## THE TASK
What are the lines from the top of the entries through the one with "me_cylinder = bpy.data.meshes.new('Cylinder')"? Write them out exactly, with no pictures.

(Stored entries)
▬▬▬▬▬▬
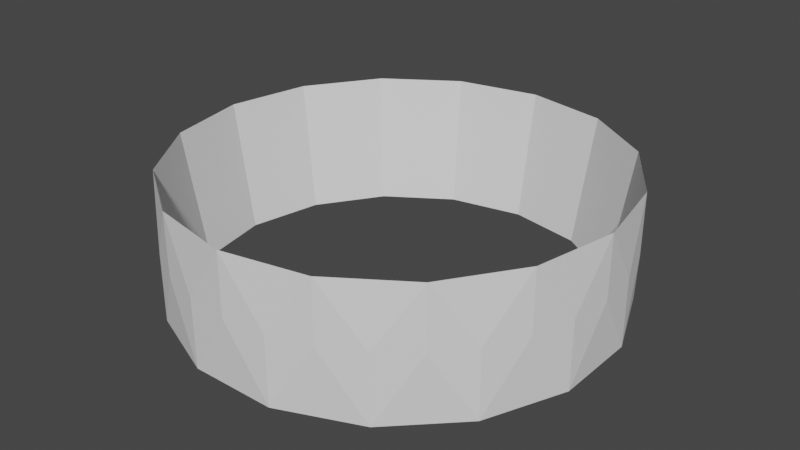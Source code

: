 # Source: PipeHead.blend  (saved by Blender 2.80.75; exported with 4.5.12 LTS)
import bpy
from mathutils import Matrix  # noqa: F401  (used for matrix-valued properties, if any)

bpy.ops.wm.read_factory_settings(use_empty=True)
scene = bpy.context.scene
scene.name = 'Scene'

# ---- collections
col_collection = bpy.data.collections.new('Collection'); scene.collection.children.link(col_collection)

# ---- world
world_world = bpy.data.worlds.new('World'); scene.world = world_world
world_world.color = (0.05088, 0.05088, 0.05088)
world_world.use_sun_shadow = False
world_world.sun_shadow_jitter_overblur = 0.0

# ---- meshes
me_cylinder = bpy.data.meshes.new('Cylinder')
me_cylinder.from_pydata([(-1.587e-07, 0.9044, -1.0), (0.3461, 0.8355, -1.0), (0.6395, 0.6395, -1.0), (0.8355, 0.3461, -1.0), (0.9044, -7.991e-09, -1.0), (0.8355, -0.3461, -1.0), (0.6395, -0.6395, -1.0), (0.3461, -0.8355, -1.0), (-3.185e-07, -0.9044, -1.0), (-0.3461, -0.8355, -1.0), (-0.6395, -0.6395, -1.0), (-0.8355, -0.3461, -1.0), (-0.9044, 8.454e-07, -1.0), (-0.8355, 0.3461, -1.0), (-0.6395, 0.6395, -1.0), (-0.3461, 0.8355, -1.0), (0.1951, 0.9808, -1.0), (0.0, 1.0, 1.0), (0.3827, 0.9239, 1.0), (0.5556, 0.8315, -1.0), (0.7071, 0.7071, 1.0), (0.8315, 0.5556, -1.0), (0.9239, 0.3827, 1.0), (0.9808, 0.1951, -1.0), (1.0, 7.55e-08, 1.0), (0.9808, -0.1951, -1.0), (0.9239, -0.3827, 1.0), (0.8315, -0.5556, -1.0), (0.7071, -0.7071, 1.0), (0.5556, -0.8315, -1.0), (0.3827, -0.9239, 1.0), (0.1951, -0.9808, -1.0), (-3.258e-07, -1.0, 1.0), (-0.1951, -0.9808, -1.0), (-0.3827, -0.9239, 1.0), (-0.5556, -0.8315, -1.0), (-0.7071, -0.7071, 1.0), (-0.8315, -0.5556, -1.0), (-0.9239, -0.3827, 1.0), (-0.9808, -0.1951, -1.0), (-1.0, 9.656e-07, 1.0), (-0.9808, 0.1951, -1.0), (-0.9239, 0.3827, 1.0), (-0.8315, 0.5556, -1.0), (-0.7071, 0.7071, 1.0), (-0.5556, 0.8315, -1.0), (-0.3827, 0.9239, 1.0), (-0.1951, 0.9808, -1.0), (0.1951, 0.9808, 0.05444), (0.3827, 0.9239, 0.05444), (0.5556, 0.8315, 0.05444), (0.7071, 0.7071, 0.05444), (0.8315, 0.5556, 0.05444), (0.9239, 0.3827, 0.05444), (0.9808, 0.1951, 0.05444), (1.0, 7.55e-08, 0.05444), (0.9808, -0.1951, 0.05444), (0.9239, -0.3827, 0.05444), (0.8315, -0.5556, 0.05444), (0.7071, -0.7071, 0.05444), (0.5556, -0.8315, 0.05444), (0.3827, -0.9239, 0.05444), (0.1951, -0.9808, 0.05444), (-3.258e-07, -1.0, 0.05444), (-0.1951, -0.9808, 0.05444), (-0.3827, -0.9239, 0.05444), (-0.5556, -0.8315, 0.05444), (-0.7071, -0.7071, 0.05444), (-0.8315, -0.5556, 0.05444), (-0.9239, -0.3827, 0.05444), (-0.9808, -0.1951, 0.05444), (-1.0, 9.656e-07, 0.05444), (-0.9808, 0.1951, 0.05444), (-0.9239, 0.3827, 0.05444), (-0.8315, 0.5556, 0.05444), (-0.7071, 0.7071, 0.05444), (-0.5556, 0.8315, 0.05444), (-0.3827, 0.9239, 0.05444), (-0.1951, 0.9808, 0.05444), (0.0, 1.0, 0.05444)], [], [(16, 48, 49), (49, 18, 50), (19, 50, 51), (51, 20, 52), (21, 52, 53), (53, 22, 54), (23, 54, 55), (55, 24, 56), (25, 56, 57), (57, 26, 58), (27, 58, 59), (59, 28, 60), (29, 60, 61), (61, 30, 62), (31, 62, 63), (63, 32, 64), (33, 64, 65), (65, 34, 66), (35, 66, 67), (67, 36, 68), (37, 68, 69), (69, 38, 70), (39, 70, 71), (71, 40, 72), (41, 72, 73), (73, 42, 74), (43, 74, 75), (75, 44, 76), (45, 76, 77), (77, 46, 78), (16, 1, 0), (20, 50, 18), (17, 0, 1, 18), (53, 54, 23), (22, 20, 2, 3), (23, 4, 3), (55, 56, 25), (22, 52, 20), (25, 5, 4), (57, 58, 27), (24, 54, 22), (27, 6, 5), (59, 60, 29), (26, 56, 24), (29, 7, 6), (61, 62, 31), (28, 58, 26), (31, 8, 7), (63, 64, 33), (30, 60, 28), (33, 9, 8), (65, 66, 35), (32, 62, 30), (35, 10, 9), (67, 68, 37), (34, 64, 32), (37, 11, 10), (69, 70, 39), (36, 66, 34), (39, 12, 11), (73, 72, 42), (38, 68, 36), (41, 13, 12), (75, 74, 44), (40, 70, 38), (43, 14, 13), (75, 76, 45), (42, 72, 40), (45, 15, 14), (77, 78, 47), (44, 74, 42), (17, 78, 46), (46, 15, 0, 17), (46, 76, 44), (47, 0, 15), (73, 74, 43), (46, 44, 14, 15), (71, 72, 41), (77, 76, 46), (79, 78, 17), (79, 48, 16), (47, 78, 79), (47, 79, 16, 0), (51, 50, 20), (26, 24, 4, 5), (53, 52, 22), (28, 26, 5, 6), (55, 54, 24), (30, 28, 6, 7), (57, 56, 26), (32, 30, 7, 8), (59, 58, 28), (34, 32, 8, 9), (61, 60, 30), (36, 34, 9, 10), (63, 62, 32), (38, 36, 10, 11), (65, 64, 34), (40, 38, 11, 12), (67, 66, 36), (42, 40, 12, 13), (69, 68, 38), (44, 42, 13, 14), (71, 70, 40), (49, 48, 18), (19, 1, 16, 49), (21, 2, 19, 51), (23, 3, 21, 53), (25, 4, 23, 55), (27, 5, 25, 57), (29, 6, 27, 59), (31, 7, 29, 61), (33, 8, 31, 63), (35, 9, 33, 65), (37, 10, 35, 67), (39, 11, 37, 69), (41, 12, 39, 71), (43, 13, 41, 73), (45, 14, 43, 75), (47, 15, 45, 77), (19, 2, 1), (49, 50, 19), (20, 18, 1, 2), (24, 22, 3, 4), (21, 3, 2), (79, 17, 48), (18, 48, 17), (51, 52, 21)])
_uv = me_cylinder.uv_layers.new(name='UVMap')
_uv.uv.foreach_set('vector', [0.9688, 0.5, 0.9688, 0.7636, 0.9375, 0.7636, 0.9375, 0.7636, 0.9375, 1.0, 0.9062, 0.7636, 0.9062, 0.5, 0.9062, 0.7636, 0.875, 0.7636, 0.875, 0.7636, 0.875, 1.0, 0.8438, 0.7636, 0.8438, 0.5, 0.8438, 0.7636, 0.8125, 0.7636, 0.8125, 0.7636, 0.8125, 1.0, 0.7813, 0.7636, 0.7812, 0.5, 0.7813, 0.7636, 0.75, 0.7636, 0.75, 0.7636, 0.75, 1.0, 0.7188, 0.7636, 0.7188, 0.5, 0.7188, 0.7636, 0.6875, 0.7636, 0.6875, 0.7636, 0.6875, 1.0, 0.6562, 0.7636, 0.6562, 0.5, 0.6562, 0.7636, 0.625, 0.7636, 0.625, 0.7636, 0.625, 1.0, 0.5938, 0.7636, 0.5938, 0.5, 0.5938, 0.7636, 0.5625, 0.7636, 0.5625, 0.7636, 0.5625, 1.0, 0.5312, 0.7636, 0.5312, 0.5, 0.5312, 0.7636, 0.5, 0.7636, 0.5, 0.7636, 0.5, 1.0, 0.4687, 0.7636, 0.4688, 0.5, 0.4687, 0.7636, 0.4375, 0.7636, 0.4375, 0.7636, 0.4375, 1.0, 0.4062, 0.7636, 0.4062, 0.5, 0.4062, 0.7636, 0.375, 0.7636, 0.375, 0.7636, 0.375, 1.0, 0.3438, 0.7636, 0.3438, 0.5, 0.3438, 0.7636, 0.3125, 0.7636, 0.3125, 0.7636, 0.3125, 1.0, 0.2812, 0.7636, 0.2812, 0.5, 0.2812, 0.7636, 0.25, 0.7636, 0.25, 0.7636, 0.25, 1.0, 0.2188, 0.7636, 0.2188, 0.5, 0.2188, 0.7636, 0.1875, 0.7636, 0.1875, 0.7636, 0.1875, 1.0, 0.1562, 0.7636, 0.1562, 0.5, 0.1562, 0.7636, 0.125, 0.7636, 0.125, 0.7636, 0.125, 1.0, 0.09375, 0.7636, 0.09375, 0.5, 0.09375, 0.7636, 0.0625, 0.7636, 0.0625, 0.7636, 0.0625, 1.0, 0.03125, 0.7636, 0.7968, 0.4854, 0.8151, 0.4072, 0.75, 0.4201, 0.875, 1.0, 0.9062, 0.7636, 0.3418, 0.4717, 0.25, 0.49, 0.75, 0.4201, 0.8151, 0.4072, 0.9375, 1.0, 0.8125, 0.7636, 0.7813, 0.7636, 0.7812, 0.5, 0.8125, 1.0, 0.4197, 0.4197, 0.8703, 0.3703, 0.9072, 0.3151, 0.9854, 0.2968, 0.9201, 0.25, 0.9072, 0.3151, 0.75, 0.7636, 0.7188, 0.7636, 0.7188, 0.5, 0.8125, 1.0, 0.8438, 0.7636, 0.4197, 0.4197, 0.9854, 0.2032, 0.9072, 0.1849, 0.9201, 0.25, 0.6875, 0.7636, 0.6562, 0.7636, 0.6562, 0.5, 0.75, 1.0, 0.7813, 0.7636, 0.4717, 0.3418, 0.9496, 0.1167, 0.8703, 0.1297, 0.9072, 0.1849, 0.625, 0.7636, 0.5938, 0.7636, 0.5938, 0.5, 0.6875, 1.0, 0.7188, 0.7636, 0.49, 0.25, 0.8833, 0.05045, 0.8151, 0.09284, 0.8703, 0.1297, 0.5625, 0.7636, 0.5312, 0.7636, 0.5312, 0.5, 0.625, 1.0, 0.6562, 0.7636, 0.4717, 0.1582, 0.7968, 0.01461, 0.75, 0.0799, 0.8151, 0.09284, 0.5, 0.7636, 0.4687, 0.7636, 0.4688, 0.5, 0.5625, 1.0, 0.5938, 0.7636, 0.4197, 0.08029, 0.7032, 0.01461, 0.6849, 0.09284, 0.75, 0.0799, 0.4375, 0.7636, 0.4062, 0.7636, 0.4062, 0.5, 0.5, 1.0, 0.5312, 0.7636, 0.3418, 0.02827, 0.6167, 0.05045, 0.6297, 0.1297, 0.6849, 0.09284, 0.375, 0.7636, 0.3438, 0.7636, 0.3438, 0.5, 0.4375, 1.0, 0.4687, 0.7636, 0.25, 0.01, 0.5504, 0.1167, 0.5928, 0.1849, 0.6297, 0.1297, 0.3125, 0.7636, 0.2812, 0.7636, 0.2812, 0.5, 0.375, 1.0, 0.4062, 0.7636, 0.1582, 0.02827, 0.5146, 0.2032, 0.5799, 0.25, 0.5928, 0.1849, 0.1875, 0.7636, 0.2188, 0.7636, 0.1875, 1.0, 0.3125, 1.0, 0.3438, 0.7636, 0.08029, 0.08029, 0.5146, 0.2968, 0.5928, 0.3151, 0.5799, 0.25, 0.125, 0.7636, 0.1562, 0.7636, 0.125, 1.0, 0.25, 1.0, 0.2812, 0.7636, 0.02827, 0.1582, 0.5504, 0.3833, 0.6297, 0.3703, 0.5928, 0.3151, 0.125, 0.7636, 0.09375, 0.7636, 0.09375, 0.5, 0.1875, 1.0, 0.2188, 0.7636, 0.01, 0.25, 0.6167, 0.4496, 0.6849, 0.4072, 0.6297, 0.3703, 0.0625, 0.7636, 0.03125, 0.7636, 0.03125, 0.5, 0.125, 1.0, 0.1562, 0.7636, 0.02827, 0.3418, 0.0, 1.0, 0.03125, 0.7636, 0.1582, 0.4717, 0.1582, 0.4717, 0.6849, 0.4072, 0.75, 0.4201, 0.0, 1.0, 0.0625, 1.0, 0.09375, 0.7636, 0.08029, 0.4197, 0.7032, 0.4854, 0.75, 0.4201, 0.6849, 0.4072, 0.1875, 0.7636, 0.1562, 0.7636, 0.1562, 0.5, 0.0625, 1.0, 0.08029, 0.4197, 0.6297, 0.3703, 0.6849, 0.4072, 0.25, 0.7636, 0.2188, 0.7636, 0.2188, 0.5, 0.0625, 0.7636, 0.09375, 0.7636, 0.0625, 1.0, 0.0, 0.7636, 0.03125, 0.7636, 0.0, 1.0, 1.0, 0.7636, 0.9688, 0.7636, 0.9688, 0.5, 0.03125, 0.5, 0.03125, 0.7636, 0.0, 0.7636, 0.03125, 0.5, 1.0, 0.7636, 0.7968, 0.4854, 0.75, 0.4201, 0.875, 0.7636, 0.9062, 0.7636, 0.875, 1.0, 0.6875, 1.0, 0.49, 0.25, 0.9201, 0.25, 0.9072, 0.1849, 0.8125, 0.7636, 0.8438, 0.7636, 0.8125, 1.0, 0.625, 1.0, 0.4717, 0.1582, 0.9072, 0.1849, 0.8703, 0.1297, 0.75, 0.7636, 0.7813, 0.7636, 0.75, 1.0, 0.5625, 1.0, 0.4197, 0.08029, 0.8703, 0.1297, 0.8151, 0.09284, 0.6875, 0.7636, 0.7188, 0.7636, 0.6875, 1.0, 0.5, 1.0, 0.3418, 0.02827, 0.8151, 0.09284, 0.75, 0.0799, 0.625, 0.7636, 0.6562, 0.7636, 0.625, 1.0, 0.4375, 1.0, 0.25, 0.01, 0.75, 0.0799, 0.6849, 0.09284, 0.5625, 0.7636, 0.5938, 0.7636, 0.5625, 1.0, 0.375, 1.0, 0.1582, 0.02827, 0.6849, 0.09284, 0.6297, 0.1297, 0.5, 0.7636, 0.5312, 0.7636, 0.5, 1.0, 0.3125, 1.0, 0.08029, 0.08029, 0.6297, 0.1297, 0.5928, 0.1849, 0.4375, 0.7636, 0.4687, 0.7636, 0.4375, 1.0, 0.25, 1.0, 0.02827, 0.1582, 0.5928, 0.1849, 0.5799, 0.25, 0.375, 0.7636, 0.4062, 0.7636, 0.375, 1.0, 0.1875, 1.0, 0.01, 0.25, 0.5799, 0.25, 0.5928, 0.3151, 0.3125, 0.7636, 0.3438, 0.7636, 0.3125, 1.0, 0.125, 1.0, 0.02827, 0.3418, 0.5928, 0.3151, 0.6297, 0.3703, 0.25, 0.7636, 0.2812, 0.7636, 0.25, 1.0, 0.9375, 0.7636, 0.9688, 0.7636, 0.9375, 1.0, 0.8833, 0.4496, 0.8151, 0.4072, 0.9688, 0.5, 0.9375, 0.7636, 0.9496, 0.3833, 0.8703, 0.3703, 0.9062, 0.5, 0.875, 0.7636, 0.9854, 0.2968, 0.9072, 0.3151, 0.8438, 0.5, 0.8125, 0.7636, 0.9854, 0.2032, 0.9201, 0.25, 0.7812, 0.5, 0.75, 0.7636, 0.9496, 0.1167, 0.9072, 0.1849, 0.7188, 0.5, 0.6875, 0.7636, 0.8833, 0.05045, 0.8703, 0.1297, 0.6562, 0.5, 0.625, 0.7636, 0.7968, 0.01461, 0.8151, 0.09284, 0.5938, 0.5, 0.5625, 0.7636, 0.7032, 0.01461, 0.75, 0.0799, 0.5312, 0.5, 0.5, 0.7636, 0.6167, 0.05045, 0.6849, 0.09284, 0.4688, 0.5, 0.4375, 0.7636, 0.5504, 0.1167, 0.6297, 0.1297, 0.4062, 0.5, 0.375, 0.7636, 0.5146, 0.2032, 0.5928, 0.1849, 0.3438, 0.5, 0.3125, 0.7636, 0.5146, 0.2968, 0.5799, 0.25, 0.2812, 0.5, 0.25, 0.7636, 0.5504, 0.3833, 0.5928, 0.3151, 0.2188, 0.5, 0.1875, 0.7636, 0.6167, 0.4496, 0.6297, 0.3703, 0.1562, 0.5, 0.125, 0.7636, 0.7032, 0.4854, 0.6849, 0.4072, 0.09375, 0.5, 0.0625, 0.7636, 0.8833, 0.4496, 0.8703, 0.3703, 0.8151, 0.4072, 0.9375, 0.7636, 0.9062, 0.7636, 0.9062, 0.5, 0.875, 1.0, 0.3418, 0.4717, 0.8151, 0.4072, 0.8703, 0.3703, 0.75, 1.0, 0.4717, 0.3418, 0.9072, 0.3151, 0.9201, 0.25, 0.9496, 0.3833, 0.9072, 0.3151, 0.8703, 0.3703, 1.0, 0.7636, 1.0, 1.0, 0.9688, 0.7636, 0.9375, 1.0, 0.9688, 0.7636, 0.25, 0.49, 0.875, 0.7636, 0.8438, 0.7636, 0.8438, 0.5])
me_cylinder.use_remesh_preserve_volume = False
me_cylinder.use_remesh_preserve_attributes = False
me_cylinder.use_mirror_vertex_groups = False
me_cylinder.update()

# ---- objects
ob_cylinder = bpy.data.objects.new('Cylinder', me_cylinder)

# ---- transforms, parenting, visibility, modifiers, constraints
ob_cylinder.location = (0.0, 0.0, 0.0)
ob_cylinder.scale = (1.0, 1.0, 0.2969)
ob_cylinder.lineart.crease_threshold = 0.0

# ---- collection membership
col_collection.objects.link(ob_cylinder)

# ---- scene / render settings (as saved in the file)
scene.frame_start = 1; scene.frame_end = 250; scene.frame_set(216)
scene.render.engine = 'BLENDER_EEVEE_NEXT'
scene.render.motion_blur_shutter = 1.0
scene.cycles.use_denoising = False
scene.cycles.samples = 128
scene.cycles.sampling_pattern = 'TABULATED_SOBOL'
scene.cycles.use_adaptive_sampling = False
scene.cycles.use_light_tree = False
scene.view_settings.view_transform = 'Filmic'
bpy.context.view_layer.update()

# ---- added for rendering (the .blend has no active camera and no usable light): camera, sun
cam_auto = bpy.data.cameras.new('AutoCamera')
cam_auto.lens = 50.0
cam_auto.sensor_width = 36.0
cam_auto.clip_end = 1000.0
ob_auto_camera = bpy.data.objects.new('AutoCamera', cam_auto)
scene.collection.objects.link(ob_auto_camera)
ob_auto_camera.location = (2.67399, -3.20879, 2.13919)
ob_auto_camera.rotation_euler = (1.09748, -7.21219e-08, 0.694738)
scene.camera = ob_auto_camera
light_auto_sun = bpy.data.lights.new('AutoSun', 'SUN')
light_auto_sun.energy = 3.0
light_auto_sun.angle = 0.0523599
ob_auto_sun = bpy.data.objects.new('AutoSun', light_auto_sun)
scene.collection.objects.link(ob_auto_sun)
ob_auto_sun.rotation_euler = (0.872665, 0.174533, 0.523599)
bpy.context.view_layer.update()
▬▬▬▬▬▬
## ANSWER SPACE
Source code

: # Source: PipeHead.blend  (saved by Blender 2.80.75; exported with 4.5.12 LTS)
import bpy
from mathutils import Matrix  # noqa: F401  (used for matrix-valued properties, if any)

bpy.ops.wm.read_factory_settings(use_empty=True)
scene = bpy.context.scene
scene.name = 'Scene'

# ---- collections
col_collection = bpy.data.collections.new('Collection'); scene.collection.children.link(col_collection)

# ---- world
world_world = bpy.data.worlds.new('World'); scene.world = world_world
world_world.color = (0.05088, 0.05088, 0.05088)
world_world.use_sun_shadow = False
world_world.sun_shadow_jitter_overblur = 0.0

# ---- meshes
me_cylinder = bpy.data.meshes.new('Cylinder')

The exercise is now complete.